The enclosed Instruction to Registered Holder from Beneficial Owner contains an authorization by the beneficial owner of the Outstanding Notes for you to make the foregoing representations.


The Issuer will not pay any fee or commission to any broker or dealer or to any other persons (other than the exchange agent for the Exchange Offer) in connection with the solicitation of tenders of Outstanding Notes pursuant to the Exchange Offer. Holders who tender their Outstanding Notes for Exchange Notes will not be obligated to pay any transfer taxes in connection with the exchange, except as otherwise provided in Instruction 5 of the enclosed Letter of Transmittal.
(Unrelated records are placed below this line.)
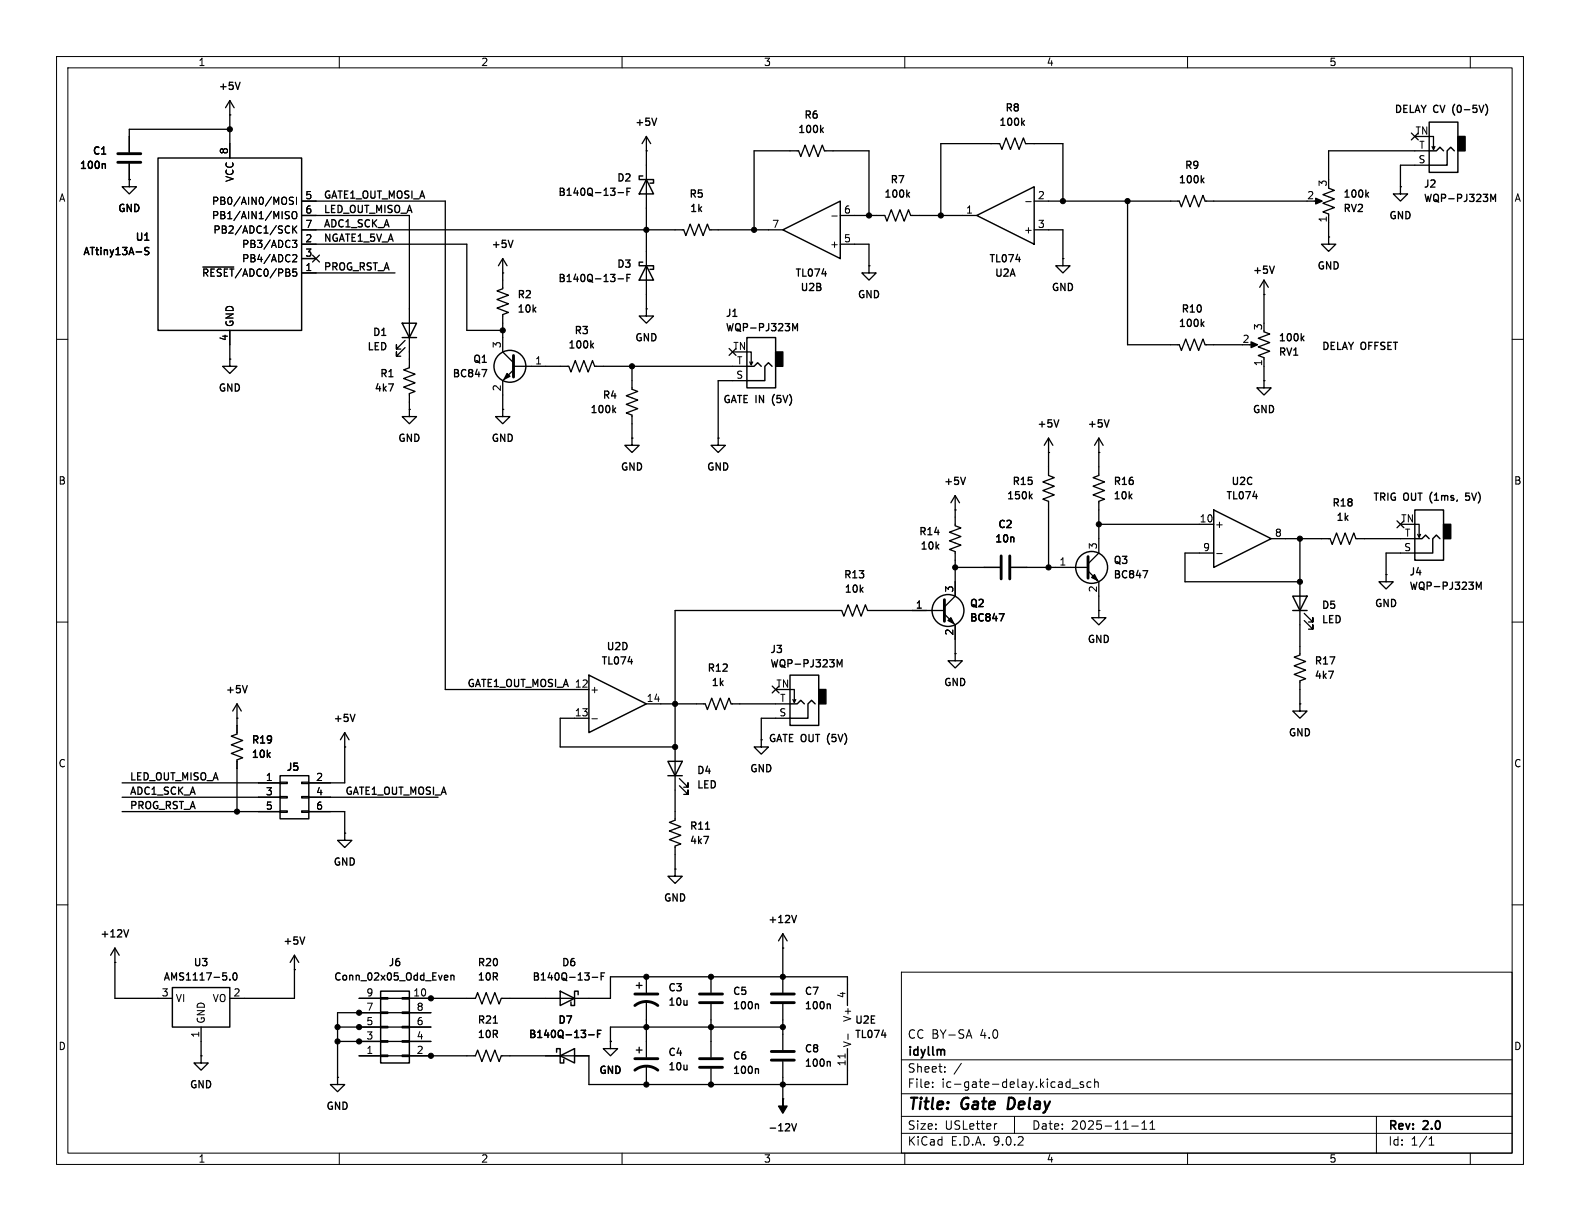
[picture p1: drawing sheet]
<svg xmlns="http://www.w3.org/2000/svg" width="279mm" height="216mm" viewBox="0 0 279 216" stroke-linecap="round" stroke-linejoin="round" font-family="sans-serif">
<g fill="none" stroke="#000" stroke-width=".18">
<path d="M10 10h259.4v195.9h-259.4zM12 12h255.4v191.9h-255.4zM60 10v2M110 10v2M160 10v2M210 10v2M260 10v2M50.6 35.1v.9M50.7 38l.3 .1 .2 .3-.3 .3h-.3M50.7 37.4l.5 .1M50.9 39.9l.3 .2M51.8 39.9v1.3"/>
<path d="M51.8 37.5l.1-.1a.43 .43 0 0 1 .6 .4v.5a.42 .42 0 0 1-.4 .4 .42 .42 0 0 1-.5-.4v-.5zM51.9 34.9h-.5l-.2 .1v.4l.6 .2 .1 .3-.3 .2h-.4M52.4 34.9v1.2M52.5 39.9l-.7 .8M147.1 38.2h1M181.4 35.7h1M35.9 47.2h5.5M51.2 41.1l-.3 .1M51.7 42.5h.8l-.4 .5 .3 .1v.5l-.2 .2-.4-.1M51.8 45.2l.4-.2 .3 .4-.8 .9h.8M51.9 40.5l.6 .7M10 60h2"/>
<path d="M267.4 60h2M215.2 97.9h.9M10 110h2M267.4 110h2M104.7 127.1h.9M10 160h2M159.4 171.9h108v32h-108zM267.4 160h2M149.4 186.4v.7M150 182.8v1M159.4 197.4h108M159.4 193.4h108"/>
<path d="M159.4 187.4h108M164.9 192.1v.2M164.9 191.4v.1M167.1 189.4v.2M167.1 188.7v.1M170 188l-1.3 1.9M171 183.2h.7M171.4 182.1l.5 1.5M176.3 198.7l-.3 .1M179.4 197.4v3M188.8 191.3l.4 .1M189.2 190.8v1.5"/>
<path d="M189.2 192.2l-.4 .1M189.6 192.4h1.1M191.6 191.4l-.4-.1-.2 .2 .1 .2 .5 .2v.3h-.6M192.9 191.4l-.4-.1-.3 .3v.4l.2 .2h.5M193.6 191.4l.2-.1 .3 .1 .1 .9M193.6 190.8v1.5M200.1 199.1h1.2M201.9 199.7h.9M201.9 198.6l.5-.4v1.5M203.4 199.7h.8M203.4 198.6l.4-.4v1.5M243.4 197.4v6.5"/>
<path d="M60 203.9v2M110 203.9v2M159.4 200.4h108M160 203.9v2M210 203.9v2M252.7 202.5h.9M252.7 201.4l.4-.4v1.5M260 203.9v2"/>
</g>
<path d="M178.4 194.1l-.2 2h.5" fill="none" stroke="#000" stroke-width=".4"/>
<g fill="none" stroke="#000" stroke-width=".25">
<path d="M27.9 27.9h25.4v30.5h-25.4zM113.7 31.1h-.7v.7h2.6v.6h-.7M114.3 31.8l1.3 2.5h-2.6zM172.7 38.1l10.2-5.1v10.2zM252.7 21.6h5.1v8.9h-5.1zM252.7 26.7h1.3l.6-.7 .7 .7M257.2 26.7l-.7-.7-.6 .7v2.5h-3.2M71.1 57.2h2.6l-1.3 2.5zM71.1 59.7h2.6M113.7 46.4h-.7v.6h2.6v.6h-.7M114.3 47l1.3 2.5h-2.6zM132.1 59.7h5.1v8.9h-5.1z"/>
<path d="M138.4 40.6l10.2-5v10.1zM132.1 64.8h1.2l.7-.7 .6 .7M136.5 64.8l-.6-.7-.6 .7v2.5h-3.2M214.6 90.2l10.2 5.1-10.2 5zM250.2 90.2h5.1v8.9h-5.1zM250.2 95.3h1.3l.6-.7 .6 .7M254.6 95.3l-.6-.7-.6 .7v2.5h-3.2M104.1 119.4l10.2 5.1-10.2 5zM139.7 119.4h5.1v8.9h-5.1zM228.6 105.4h2.5l-1.2 2.6zM228.6 108h2.5M49.5 137.2h5.1v7.6h-5.1z"/>
<path d="M118.1 134.6h2.5l-1.2 2.6zM118.1 137.2h2.5M139.7 124.5h1.3l.6-.7 .6 .7M144.1 124.5l-.6-.7-.6 .7v2.5h-3.2M30.5 174.6h10.1v7h-10.1zM67.3 175.3h5.1v12.7h-5.1zM99.1 175.3l2.5 1.2-2.5 1.3zM102.2 175.9v-.6h-.6v2.5h-.6v-.6M98.4 186.1v-.7h.7v2.6h.6v-.7M99.1 186.7l2.5-1.3v2.6z"/>
<circle cx="90.2" cy="64.8" r="2.82"/>
<circle cx="167.6" cy="107.9" r="2.82"/>
<circle cx="193" cy="100.3" r="2.82"/>
</g>
<g fill="none" stroke="#000" stroke-width=".23">
<path d="M40.6 17.8v10.1M40.6 17.8l-.7 1.3M40.6 17.8l.8 1.3M42.5 14.5l-.5 1.3M262.7 18.4a1.46 1.46 0 0 1 0 2M18.3 28.9l.3 .2v.7M22.9 31.8v1.2h1.2l-1.2 1.3-1.3-1.3h1.3M22.9 31.8h.1M22.9 29v2.8M40.6 20.3h.1M40.6 22.9h-17.7v4M53.3 38.1h19.1v26.9l-1 .4 2 .8-2 .7 2 .8-2 .8 2 .7-1 .4v2.8"/>
<path d="M53.3 35.6h25.4v86.3h25.4M109.3 34.1h1M110.9 33.9h.4M111.5 33.3h-.6v1.2M114.3 26.7h.1M114.3 24.1v30.5M114.3 24.1l-.8 1.3M114.3 24.1l.8 1.3M116.1 20.9l-.4 1.3M145.2 23l.4 .4M145.6 22.6l-.5 .5M148.6 38.1h7.9l.3 1 .8-2 .8 2 .7-2 .8 2 .8-2 .3 1h11.7"/>
<path d="M153.7 38.1v-11.4h-7.9l-.4-1-.7 2-.8-2-.8 2-.7-2-.8 2-.4-1h-7.9v13.9M160.5 34.4l.3 .5M160.8 34l-.4 .5M180.8 21.7l.4 .5M181.2 21.3l-.5 .5M182.9 35.6h25.6l.4 1 .8-2.1 .7 2.1 .8-2.1 .8 2.1 .7-2.1 .4 1.1h18M188 35.6v-10.2h-6.6l-.4-1-.8 2-.7-2-.8 2-.8-2-.7 2-.4-1h-10.4v12.7M199.4 35.6v25.4h9.1l.4 1 .8-2.1 .7 2.1 .8-2.1 .8 2.1 .7-2.1 .4 1.1h6.6M212.5 31.8l.4 .5M212.9 31.5l-.5 .5M232.4 35.6h1M234.9 33.3l1.1 .4-2.1 .7 2.1 .8-2.1 .7 2.1 .8-2.1 .8 1 .3v4.1"/>
<path d="M241.7 34.4l.3 .5M242 34l-.5 .5M247.6 33v1.3h-1.2l1.2 1.3 1.3-1.3h-1.3M247.6 33h.1M249.6 23.5l1.2 1.2M250.8 23.5l-1.2 1.2M252.7 24.1h.8v2.3l.2-.5M252.7 26.7h-17.8v5.1M252.7 29.2h-5.1v3.8M253.2 25.9l.3 .5M263.6 35.6v-1.2l.4 .9 .5-.9v1.2M24.1 44.5h.9"/>
<path d="M26.3 43.8h-.5l-.1 .1v.3l.5 .3 .1 .3-.2 .2h-.5M40.6 58.4v5.1M53.3 40.6h67.6l.4 1.1 .7-2.1 .8 2.1 .8-2.1 .7 2.1 .8-2.1 .4 1h12.9M53.3 43.2h29.2v15.2h6.4M53.3 45.7h2.6M53.3 48.3h16.5M55.3 45.1l1.2 1.2M56.5 45.1l-1.2 1.2M88.9 48.3h.1M88.9 45.7v5.4l-1 .3 2 .8-2 .8 2 .7-2 .8 2 .7-1 .4v6.6l1.9 1.9M88.9 45.7l.8 1.3M88.9 45.7l-.8 1.3"/>
<path d="M90.7 42.5l-.4 1.3M109.3 49.3h1M110.9 49.1h.4M111.5 48.5h-.6v1.3M114.3 54.6v1.3h1.3l-1.3 1.3-1.3-1.3h1.3M114.3 54.6h.1M129.6 55.9h.7M140.2 58.5v-1.3l.4 .9 .4-.9v1.3M145.4 48.4h.7M148.6 43.2h5.1v3.8M153.7 47v1.3h-1.3l1.3 1.2 1.2-1.2h-1.2M153.7 47h.1"/>
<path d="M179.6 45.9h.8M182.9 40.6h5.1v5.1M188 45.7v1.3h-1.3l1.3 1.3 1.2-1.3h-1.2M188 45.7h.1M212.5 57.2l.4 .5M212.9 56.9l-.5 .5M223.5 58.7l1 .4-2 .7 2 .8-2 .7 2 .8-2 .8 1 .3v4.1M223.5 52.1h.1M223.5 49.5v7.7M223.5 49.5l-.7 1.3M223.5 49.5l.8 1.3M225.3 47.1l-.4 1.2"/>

Any inquiries you may have with respect to the Exchange Offer may be addressed to, and additional copies of the enclosed materials may be obtained from, the Exchange Agent, Wells Fargo Bank, National Association, in the manner set forth below.

Wells Fargo Bank, N.A

MAC - N9303-121

Corporate Trust Operations

Sixth Street & Marquette Avenue

Minneapolis, MN 55479

Confirm by Telephone: (800) 344-5128

Delivery by Facsimile: (612) 667-6282.

Very truly yours,

Ancestry.com Inc.

NOTHING CONTAINED HEREIN OR IN THE ENCLOSED DOCUMENTS SHALL CONSTITUTE YOU THE AGENT OF THE COMPANY OR THE EXCHANGE AGENT OR AUTHORIZE YOU TO USE ANY DOCUMENT OR MAKE ANY STATEMENT ON THEIR BEHALF IN CONNECTION WITH THE EXCHANGE OFFER OTHER THAN THE DOCUMENTS ENCLOSED HEREWITH AND THE STATEMENTS CONTAINED THEREIN.